5. Practice Visible Humility.
Admitting you don’t have all the answers strengthens credibility, not weakens it. “I don’t know,” “I don’t have all the answers,” and “I was wrong” are not signs of weak leadership – they are signs of honest leadership.
Example:
In a town hall meeting about a major change, staff asked a pointed question: “Can you guarantee there won’t be layoffs?” The leader could feel the room holding its breath. In the past, she might have tried to smooth things over with vague reassurances.
Instead, she said, “I don’t know. I wish I could promise that, but I can’t. I don’t have all the answers yet. Here’s what I do know…” She walked through the facts they had, the questions they were still working on, and the timeline for making decisions. The anxiety didn’t vanish, but the room relaxed. People felt they were being treated like adults.
Months later, another initiative the leader had championed turned out badly. The workload was too heavy, the assumptions were off, and staff had raised concerns early on. At an all-staff meeting, she said, “I pushed hard for this project. I didn’t listen carefully enough when some of you said the scope was unrealistic. You were right. I was wrong.” Together, they agreed to scale back and redesign the work.
Several staff later said that moment was a turning point. Not because everything suddenly became easy, but because they saw a leader who was willing to be humble — to say “I don’t know” when she didn’t, and “I was wrong” when she was.
Humility isn’t about shrinking; it’s about telling the truth. When leaders are honest about what they don’t know and where they’ve missed the mark, they create space for others to bring their best judgment, ideas, and expertise.
6. Begin with What Works.
Positive feedback isn’t indulgent — it’s strategic. By recognizing what’s effective before dissecting what’s not, you build morale and sharpen focus. Sincerity is the difference between motivation and compliance.
Example:
A program team was meeting to discuss a disappointing season of public programs: lower attendance, fewer memberships, tired staff. Everyone arrived braced for critique.

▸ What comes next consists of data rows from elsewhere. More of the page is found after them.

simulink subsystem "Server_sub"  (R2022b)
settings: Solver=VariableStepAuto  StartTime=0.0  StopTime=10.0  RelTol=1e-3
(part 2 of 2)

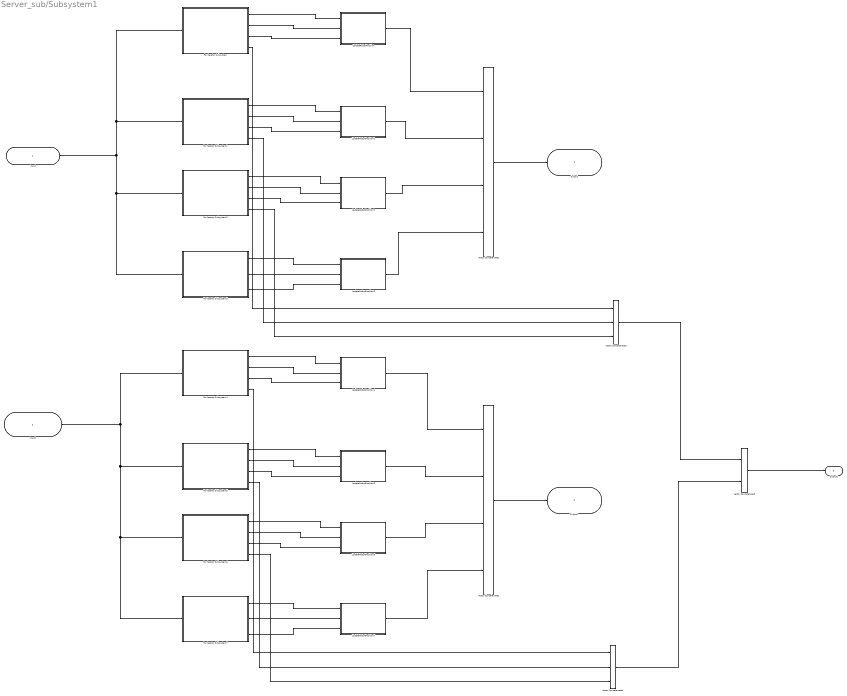
== system Server_sub/Subsystem1 ==
  Input : Inport
  Input1 : Inport  Port=2
  For Iterator Subsystem : Subsystem  TreatAsAtomicUnit=on
  For Iterator Subsystem1 : Subsystem  TreatAsAtomicUnit=on
  For Iterator Subsystem2 : Subsystem  TreatAsAtomicUnit=on
  For Iterator Subsystem3 : Subsystem  TreatAsAtomicUnit=on
  For Iterator Subsystem4 : Subsystem  TreatAsAtomicUnit=on
  For Iterator Subsystem5 : Subsystem  TreatAsAtomicUnit=on
  For Iterator Subsystem6 : Subsystem  TreatAsAtomicUnit=on
  For Iterator Subsystem7 : Subsystem  TreatAsAtomicUnit=on
  UpdateRobotPosition : MATLAB Function  TreatAsAtomicUnit=on
  UpdateRobotPosition1 : MATLAB Function  TreatAsAtomicUnit=on
  UpdateRobotPosition2 : MATLAB Function  TreatAsAtomicUnit=on
  UpdateRobotPosition3 : MATLAB Function  TreatAsAtomicUnit=on
  UpdateRobotPosition4 : MATLAB Function  TreatAsAtomicUnit=on
  UpdateRobotPosition5 : MATLAB Function  TreatAsAtomicUnit=on
  UpdateRobotPosition6 : MATLAB Function  TreatAsAtomicUnit=on
  UpdateRobotPosition7 : MATLAB Function  TreatAsAtomicUnit=on
  Vector Concatenate1 : Concatenate  NumInputs=4  Mode=Multidimensional array
  Vector Concatenate2 : Concatenate  NumInputs=4  Mode=Multidimensional array
  Vector Concatenate3 : Concatenate  NumInputs=3  Mode=Multidimensional array
  Vector Concatenate4 : Concatenate  NumInputs=3  Mode=Multidimensional array
  Vector Concatenate5 : Concatenate  Mode=Multidimensional array
  Output : Outport
  Output1 : Outport  Port=2
  Output2 : Outport  Port=3
  wires:
  For Iterator Subsystem2/4(kick) -> Vector Concatenate3/3
  Vector Concatenate5/1 -> Output2/1
  Vector Concatenate4/1 -> Vector Concatenate5/2
  Vector Concatenate3/1 -> Vector Concatenate5/1
  For Iterator Subsystem/4(kick) -> Vector Concatenate3/1
  For Iterator Subsystem1/4(kick) -> Vector Concatenate3/2
  For Iterator Subsystem6/4(kick) -> Vector Concatenate4/3
  For Iterator Subsystem5/4(kick) -> Vector Concatenate4/2
  For Iterator Subsystem4/4(kick) -> Vector Concatenate4/1
  For Iterator Subsystem1/3(heading1) -> UpdateRobotPosition1/3(heading1)
  For Iterator Subsystem1/1(x) -> UpdateRobotPosition1/1(currentX1)
  UpdateRobotPosition4/1(robot_coordinates5) -> Vector Concatenate2/1
  UpdateRobotPosition5/1(robot_coordinates6) -> Vector Concatenate2/2
  UpdateRobotPosition/1(robot_coordinates1) -> Vector Concatenate1/1
  UpdateRobotPosition3/1(robot_coordinates4) -> Vector Concatenate1/4
  For Iterator Subsystem5/2(y) -> UpdateRobotPosition5/2(currentY1)
  For Iterator Subsystem6/1(x) -> UpdateRobotPosition6/1(currentX1)
  For Iterator Subsystem5/3(heading1) -> UpdateRobotPosition5/3(heading1)
  For Iterator Subsystem4/2(y) -> UpdateRobotPosition4/2(currentY1)
  For Iterator Subsystem4/3(heading1) -> UpdateRobotPosition4/3(heading1)
  For Iterator Subsystem6/3(heading1) -> UpdateRobotPosition6/3(heading1)
  For Iterator Subsystem6/2(y) -> UpdateRobotPosition6/2(currentY1)
  For Iterator Subsystem1/2(y) -> UpdateRobotPosition1/2(currentY1)
  For Iterator Subsystem4/1(x) -> UpdateRobotPosition4/1(currentX1)
  For Iterator Subsystem7/3(heading1) -> UpdateRobotPosition7/3(heading1)
  For Iterator Subsystem7/1(x) -> UpdateRobotPosition7/1(currentX1)
  For Iterator Subsystem5/1(x) -> UpdateRobotPosition5/1(currentX1)
  For Iterator Subsystem7/2(y) -> UpdateRobotPosition7/2(currentY1)
  For Iterator Subsystem3/1(x) -> UpdateRobotPosition3/1(currentX1)
  For Iterator Subsystem3/3(heading1) -> UpdateRobotPosition3/3(heading1)
  For Iterator Subsystem/1(x) -> UpdateRobotPosition/1(currentX1)
  For Iterator Subsystem2/3(heading1) -> UpdateRobotPosition2/3(heading1)
  UpdateRobotPosition1/1(robot_coordinates2) -> Vector Concatenate1/2
  UpdateRobotPosition2/1(robot_coordinates3) -> Vector Concatenate1/3
  For Iterator Subsystem2/2(y) -> UpdateRobotPosition2/2(currentY1)
  For Iterator Subsystem/2(y) -> UpdateRobotPosition/2(currentY1)
  For Iterator Subsystem2/1(x) -> UpdateRobotPosition2/1(currentX1)
  UpdateRobotPosition7/1(robot_coordinates8) -> Vector Concatenate2/4
  For Iterator Subsystem/3(heading1) -> UpdateRobotPosition/3(heading1)
  For Iterator Subsystem3/2(y) -> UpdateRobotPosition3/2(currentY1)
  UpdateRobotPosition6/1(robot_coordinates7) -> Vector Concatenate2/3
  Vector Concatenate1/1 -> Output/1
  Input/1 -> For Iterator Subsystem3/1(robot), For Iterator Subsystem2/1(robot), For Iterator Subsystem1/1(robot), For Iterator Subsystem/1(robot)
  Input1/1 -> For Iterator Subsystem4/1(robot), For Iterator Subsystem5/1(robot), For Iterator Subsystem7/1(robot), For Iterator Subsystem6/1(robot)
  Vector Concatenate2/1 -> Output1/1

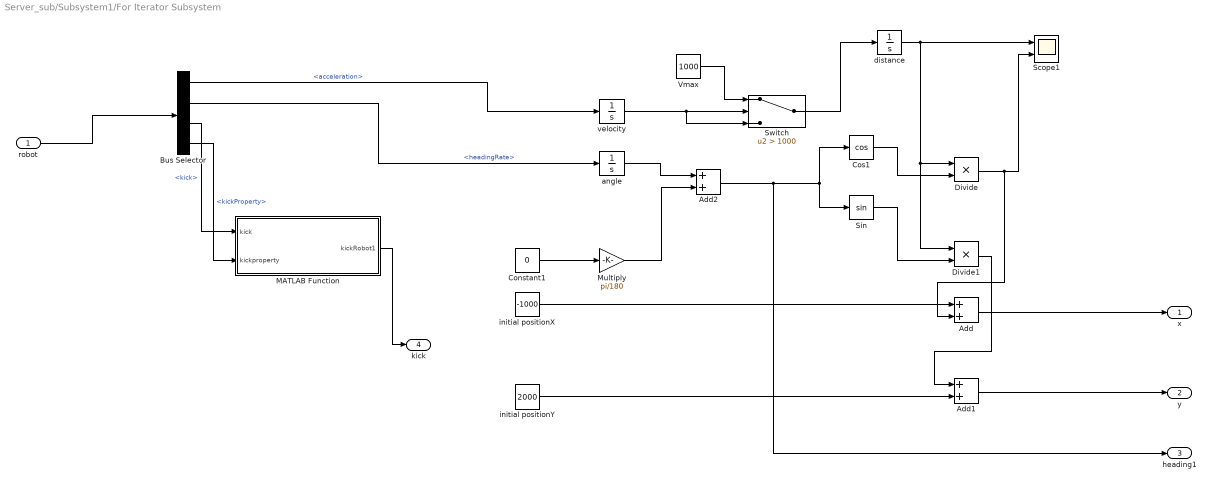
== system Server_sub/Subsystem1/For Iterator Subsystem ==
  robot : Inport
  Add : Sum
  Add1 : Sum
  Add2 : Sum
  Bus Selector : BusSelector  OutputSignals=signal1.acceleration,signal1.headingRate,signal1.kick,signal1.kickProperty
  Constant1 : Constant  Value=0
  Cos1 : Trigonometry  Operator=cos
  Divide : Product  Inputs=**
  Divide1 : Product  Inputs=**
  MATLAB Function : MATLAB Function  TreatAsAtomicUnit=on
  Multiply : Gain  Gain=pi/180
  Scope1 : Scope  NumInputPorts=2
  Sin : Trigonometry
  Switch : Switch  Criteria=u2 > Threshold  Threshold=1000  SaturateOnIntegerOverflow=off  InputSameDT=off
  "Vmax " : Constant  Value=1000
  angle : Integrator
  distance : Integrator
  initial positionX : Constant  Value=-1000
  initial positionY : Constant  Value=2000
  velocity : Integrator
  x : Outport
  y : Outport  Port=2
  heading1 : Outport  Port=3
  kick : Outport  Port=4
  wires:
  MATLAB Function/1(kickRobot1) -> kick/1
  Bus Selector/4 -> MATLAB Function/2(kickproperty)  "<kickProperty>"
  Bus Selector/3 -> MATLAB Function/1(kick)  "<kick>"
  initial positionX/1 -> Add/1
  initial positionY/1 -> Add1/2
  Sin/1 -> Divide1/2
  distance/1 -> Divide1/1, Divide/1, Scope1/1
  Cos1/1 -> Divide/2
  Divide/1 -> Add/2, Scope1/2
  "Vmax "/1 -> Switch/1
  Switch/1 -> distance/1
  velocity/1 -> Switch/3, Switch/2
  Add/1 -> x/1
  Divide1/1 -> Add1/1
  Add1/1 -> y/1
  angle/1 -> Add2/1
  Constant1/1 -> Multiply/1
  Add2/1 -> heading1/1, Cos1/1, Sin/1
  Multiply/1 -> Add2/2
  robot/1 -> Bus Selector/1
  Bus Selector/1 -> velocity/1  "<acceleration>"
  Bus Selector/2 -> angle/1  "<headingRate>"

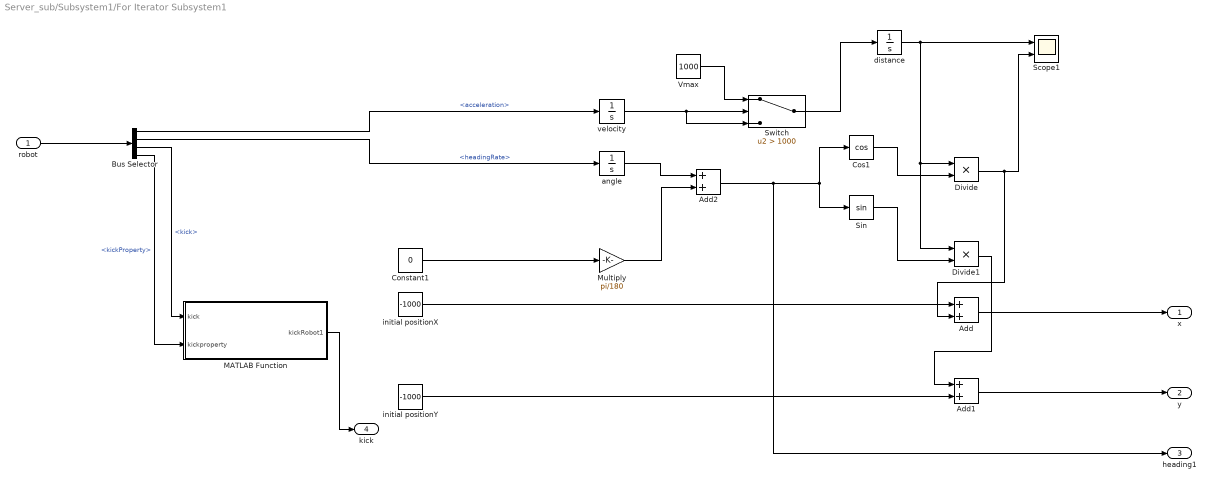
== system Server_sub/Subsystem1/For Iterator Subsystem1 ==
  robot : Inport
  Add : Sum
  Add1 : Sum
  Add2 : Sum
  Bus Selector : BusSelector  OutputSignals=signal2.acceleration,signal2.headingRate,signal2.kick,signal2.kickProperty
  Constant1 : Constant  Value=0
  Cos1 : Trigonometry  Operator=cos
  Divide : Product  Inputs=**
  Divide1 : Product  Inputs=**
  MATLAB Function : MATLAB Function  TreatAsAtomicUnit=on
  Multiply : Gain  Gain=pi/180
  Scope1 : Scope  NumInputPorts=2
  Sin : Trigonometry
  Switch : Switch  Criteria=u2 > Threshold  Threshold=1000  SaturateOnIntegerOverflow=off  InputSameDT=off
  "Vmax " : Constant  Value=1000
  angle : Integrator
  distance : Integrator
  initial positionX : Constant  Value=-1000
  initial positionY : Constant  Value=-1000
  velocity : Integrator
  x : Outport
  y : Outport  Port=2
  heading1 : Outport  Port=3
  kick : Outport  Port=4
  wires:
  Bus Selector/4 -> MATLAB Function/2(kickproperty)  "<kickProperty>"
  Bus Selector/3 -> MATLAB Function/1(kick)  "<kick>"
  MATLAB Function/1(kickRobot1) -> kick/1
  initial positionX/1 -> Add/1
  initial positionY/1 -> Add1/2
  Sin/1 -> Divide1/2
  distance/1 -> Divide1/1, Divide/1, Scope1/1
  Cos1/1 -> Divide/2
  Divide/1 -> Add/2, Scope1/2
  "Vmax "/1 -> Switch/1
  Switch/1 -> distance/1
  velocity/1 -> Switch/3, Switch/2
  Add/1 -> x/1
  Divide1/1 -> Add1/1
  Add1/1 -> y/1
  angle/1 -> Add2/1
  Constant1/1 -> Multiply/1
  Add2/1 -> heading1/1, Cos1/1, Sin/1
  Multiply/1 -> Add2/2
  robot/1 -> Bus Selector/1
  Bus Selector/1 -> velocity/1  "<acceleration>"
  Bus Selector/2 -> angle/1  "<headingRate>"

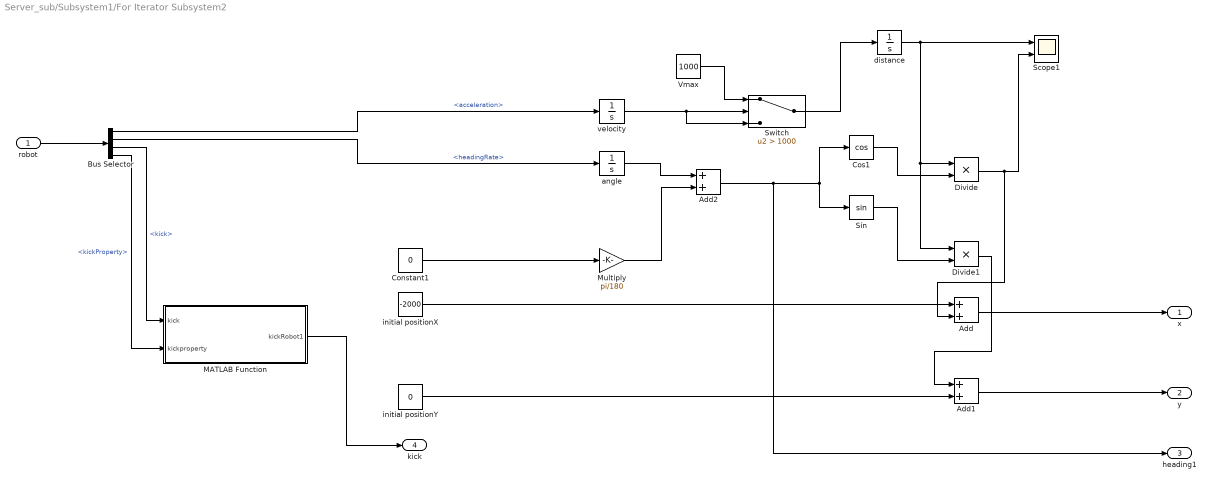
== system Server_sub/Subsystem1/For Iterator Subsystem2 ==
  robot : Inport
  Add : Sum
  Add1 : Sum
  Add2 : Sum
  Bus Selector : BusSelector  OutputSignals=signal3.acceleration,signal3.headingRate,signal3.kick,signal3.kickProperty
  Constant1 : Constant  Value=0
  Cos1 : Trigonometry  Operator=cos
  Divide : Product  Inputs=**
  Divide1 : Product  Inputs=**
  MATLAB Function : MATLAB Function  TreatAsAtomicUnit=on
  Multiply : Gain  Gain=pi/180
  Scope1 : Scope  NumInputPorts=2
  Sin : Trigonometry
  Switch : Switch  Criteria=u2 > Threshold  Threshold=1000  SaturateOnIntegerOverflow=off  InputSameDT=off
  "Vmax " : Constant  Value=1000
  angle : Integrator
  distance : Integrator
  initial positionX : Constant  Value=-2000
  initial positionY : Constant  Value=0
  velocity : Integrator
  x : Outport
  y : Outport  Port=2
  heading1 : Outport  Port=3
  kick : Outport  Port=4
  wires:
  Bus Selector/4 -> MATLAB Function/2(kickproperty)  "<kickProperty>"
  Bus Selector/3 -> MATLAB Function/1(kick)  "<kick>"
  MATLAB Function/1(kickRobot1) -> kick/1
  initial positionX/1 -> Add/1
  initial positionY/1 -> Add1/2
  Sin/1 -> Divide1/2
  distance/1 -> Divide1/1, Divide/1, Scope1/1
  Cos1/1 -> Divide/2
  Divide/1 -> Add/2, Scope1/2
  "Vmax "/1 -> Switch/1
  Switch/1 -> distance/1
  velocity/1 -> Switch/3, Switch/2
  Add/1 -> x/1
  Divide1/1 -> Add1/1
  Add1/1 -> y/1
  angle/1 -> Add2/1
  Constant1/1 -> Multiply/1
  Add2/1 -> heading1/1, Cos1/1, Sin/1
  Multiply/1 -> Add2/2
  robot/1 -> Bus Selector/1
  Bus Selector/1 -> velocity/1  "<acceleration>"
  Bus Selector/2 -> angle/1  "<headingRate>"

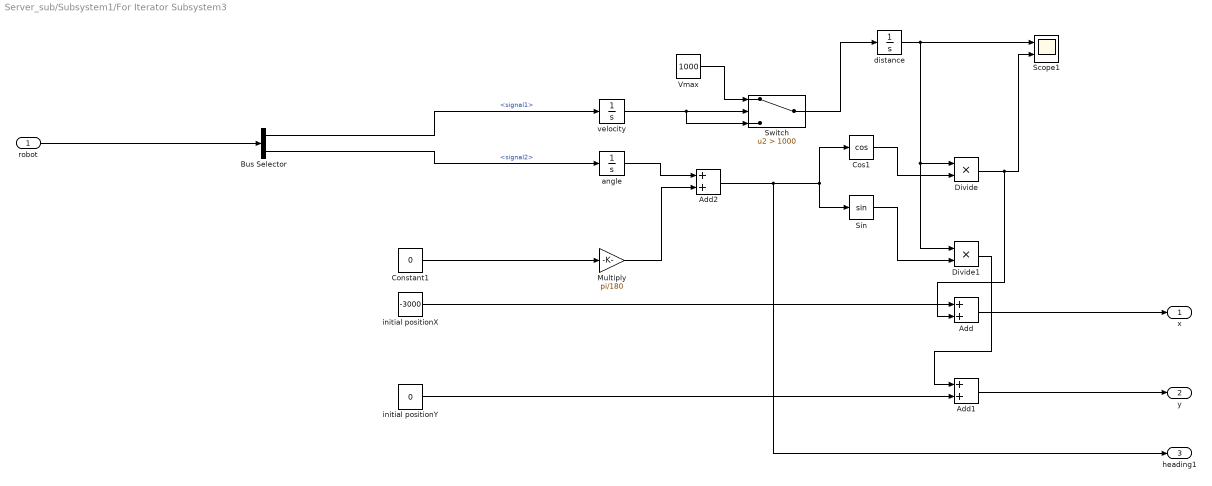
== system Server_sub/Subsystem1/For Iterator Subsystem3 ==
  robot : Inport
  Add : Sum
  Add1 : Sum
  Add2 : Sum
  Bus Selector : BusSelector  OutputSignals=signal1,signal2
  Constant1 : Constant  Value=0
  Cos1 : Trigonometry  Operator=cos
  Divide : Product  Inputs=**
  Divide1 : Product  Inputs=**
  Multiply : Gain  Gain=pi/180
  Scope1 : Scope  NumInputPorts=2
  Sin : Trigonometry
  Switch : Switch  Criteria=u2 > Threshold  Threshold=1000  SaturateOnIntegerOverflow=off  InputSameDT=off
  "Vmax " : Constant  Value=1000
  angle : Integrator
  distance : Integrator
  initial positionX : Constant  Value=-3000
  initial positionY : Constant  Value=0
  velocity : Integrator
  x : Outport
  y : Outport  Port=2
  heading1 : Outport  Port=3
  wires:
  initial positionX/1 -> Add/1
  initial positionY/1 -> Add1/2
  Sin/1 -> Divide1/2
  distance/1 -> Divide1/1, Divide/1, Scope1/1
  Cos1/1 -> Divide/2
  Divide/1 -> Add/2, Scope1/2
  "Vmax "/1 -> Switch/1
  Switch/1 -> distance/1
  velocity/1 -> Switch/3, Switch/2
  Add/1 -> x/1
  Divide1/1 -> Add1/1
  Add1/1 -> y/1
  angle/1 -> Add2/1
  Constant1/1 -> Multiply/1
  Add2/1 -> heading1/1, Cos1/1, Sin/1
  Multiply/1 -> Add2/2
  robot/1 -> Bus Selector/1
  Bus Selector/1 -> velocity/1  "<signal1>"
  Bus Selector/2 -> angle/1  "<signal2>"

The leader opened differently: “Before we talk about what needs to change, I want to spend ten minutes on what worked this season. What are you proud of?” At first, people hesitated. Then someone mentioned a particularly strong partnership with a community group. Another pointed out that families who did attend were staying longer and engaging more deeply.
The leader wrote these on a flip chart, circled them, and said, “These are assets. Whatever we change, we’re going to protect these.” The mood in the room shifted from defensiveness to problem-solving. The team left with a clearer sense of both what to fix and what to keep.
Try starting difficult conversations with, “Here are three things that are working well,” before moving into what needs to change. People are more open to critique when they know you see their strengths clearly.
7. Take Blame, Share Credit.
When something goes wrong, own it. When things go right, spread the credit. Leadership is less about taking center stage and more about building a stage where others can shine.
Example:
After a successful exhibition opening, one director thanked the curators, registrars, visitor services, facilities staff, volunteers, and the front desk team by name in front of the Board. She called out specific contributions — a registrar who solved a last-minute shipping issue, a front-of-house team that managed long lines with patience and humor, a facilities crew that turned over galleries overnight.
When a later project missed its targets, that same director told the Board, “I approved the schedule and the scope. If there is blame to assign, it’s mine.” She also made a point of saying to staff, “You worked hard under the constraints I set. The miscalculation was mine, not yours.” Staff noticed both moments — and they remembered who stood where when the lights were bright and when they were harsh.
Leadership is not perfection — it’s consistency. It’s the discipline of showing up with clarity, curiosity, and care. Every day.